# [Problem description]
Go through the listing below, count the lines that contain "BantamOnOffSwitchGroup", and state the number alone.

# [Data]

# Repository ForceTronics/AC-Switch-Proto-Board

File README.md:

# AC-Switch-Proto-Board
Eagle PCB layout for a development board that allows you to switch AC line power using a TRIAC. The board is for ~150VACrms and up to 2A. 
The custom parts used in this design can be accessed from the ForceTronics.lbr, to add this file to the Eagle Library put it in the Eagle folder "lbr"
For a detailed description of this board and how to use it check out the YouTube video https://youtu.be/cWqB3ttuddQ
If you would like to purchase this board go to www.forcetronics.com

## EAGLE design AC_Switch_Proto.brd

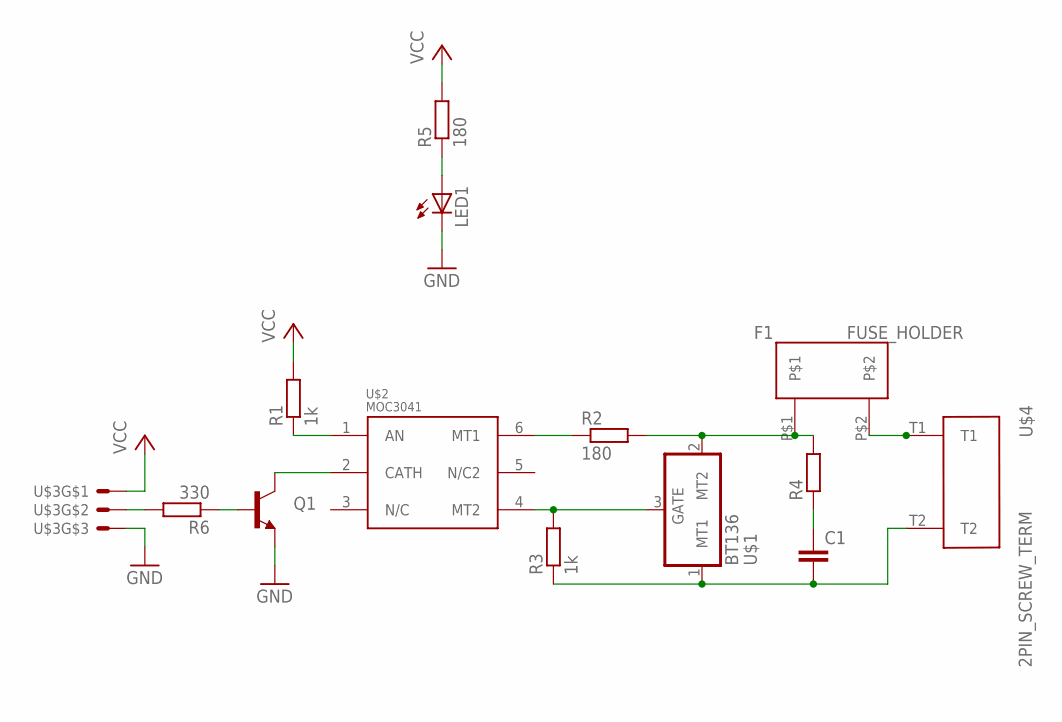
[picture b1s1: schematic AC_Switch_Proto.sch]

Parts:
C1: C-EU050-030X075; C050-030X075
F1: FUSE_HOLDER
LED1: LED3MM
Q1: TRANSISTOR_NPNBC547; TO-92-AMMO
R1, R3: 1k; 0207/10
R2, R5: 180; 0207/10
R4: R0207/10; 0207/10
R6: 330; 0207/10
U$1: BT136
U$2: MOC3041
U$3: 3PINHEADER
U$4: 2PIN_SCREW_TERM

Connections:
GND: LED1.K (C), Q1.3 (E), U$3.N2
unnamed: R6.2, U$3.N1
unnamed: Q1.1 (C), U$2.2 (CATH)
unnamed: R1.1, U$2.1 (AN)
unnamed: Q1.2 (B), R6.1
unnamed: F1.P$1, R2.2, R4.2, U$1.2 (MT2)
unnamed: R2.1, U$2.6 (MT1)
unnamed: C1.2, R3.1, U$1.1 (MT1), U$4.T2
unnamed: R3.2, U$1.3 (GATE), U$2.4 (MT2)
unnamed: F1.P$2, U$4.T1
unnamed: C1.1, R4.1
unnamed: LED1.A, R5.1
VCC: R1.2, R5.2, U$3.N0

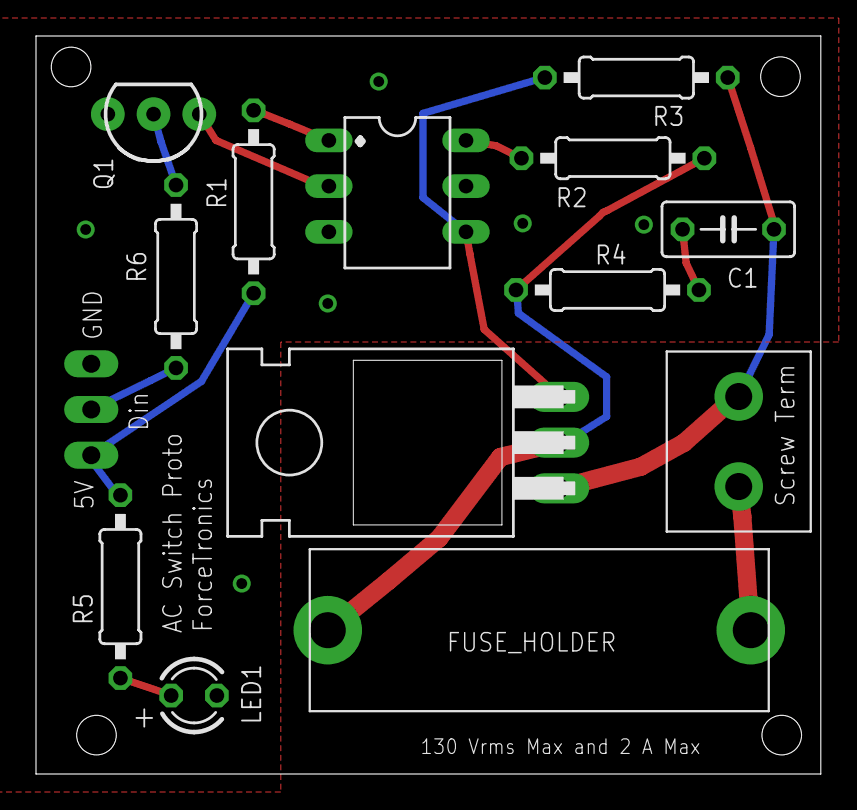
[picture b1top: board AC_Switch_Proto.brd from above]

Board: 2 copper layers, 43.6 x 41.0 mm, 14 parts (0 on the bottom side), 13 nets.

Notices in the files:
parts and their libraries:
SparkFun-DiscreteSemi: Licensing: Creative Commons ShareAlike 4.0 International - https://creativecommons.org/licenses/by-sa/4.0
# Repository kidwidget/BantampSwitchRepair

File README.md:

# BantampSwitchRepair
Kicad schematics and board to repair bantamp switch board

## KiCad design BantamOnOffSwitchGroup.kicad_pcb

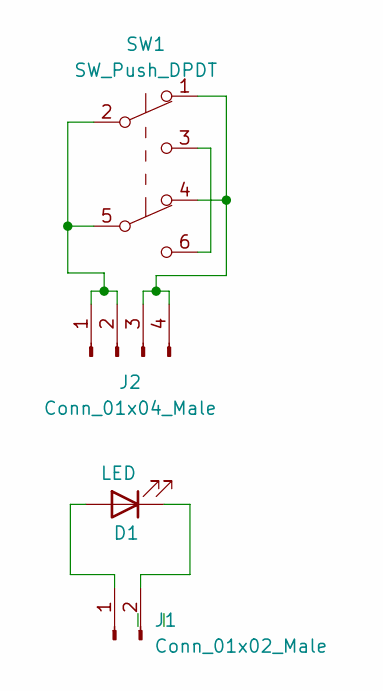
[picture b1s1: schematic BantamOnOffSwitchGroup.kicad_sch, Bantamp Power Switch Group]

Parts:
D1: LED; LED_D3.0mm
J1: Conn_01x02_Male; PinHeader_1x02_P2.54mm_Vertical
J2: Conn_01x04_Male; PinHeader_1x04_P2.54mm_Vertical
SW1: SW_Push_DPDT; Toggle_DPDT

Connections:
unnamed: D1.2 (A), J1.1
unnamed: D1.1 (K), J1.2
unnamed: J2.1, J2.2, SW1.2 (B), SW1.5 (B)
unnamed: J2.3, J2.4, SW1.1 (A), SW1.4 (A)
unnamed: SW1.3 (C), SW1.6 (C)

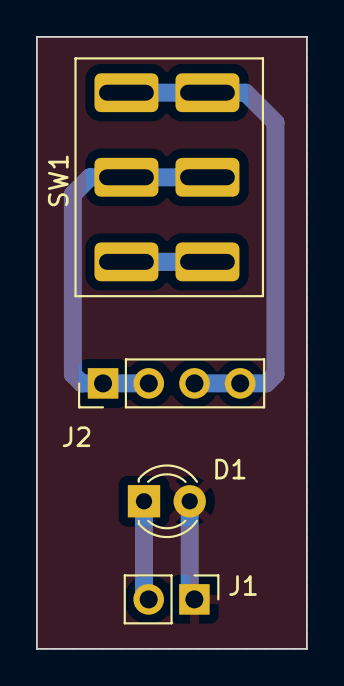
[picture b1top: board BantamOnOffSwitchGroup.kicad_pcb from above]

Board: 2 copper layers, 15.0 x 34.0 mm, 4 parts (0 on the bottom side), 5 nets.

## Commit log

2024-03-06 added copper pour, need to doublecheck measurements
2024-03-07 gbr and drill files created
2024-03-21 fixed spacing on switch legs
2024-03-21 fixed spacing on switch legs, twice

# [Answer to this task]
3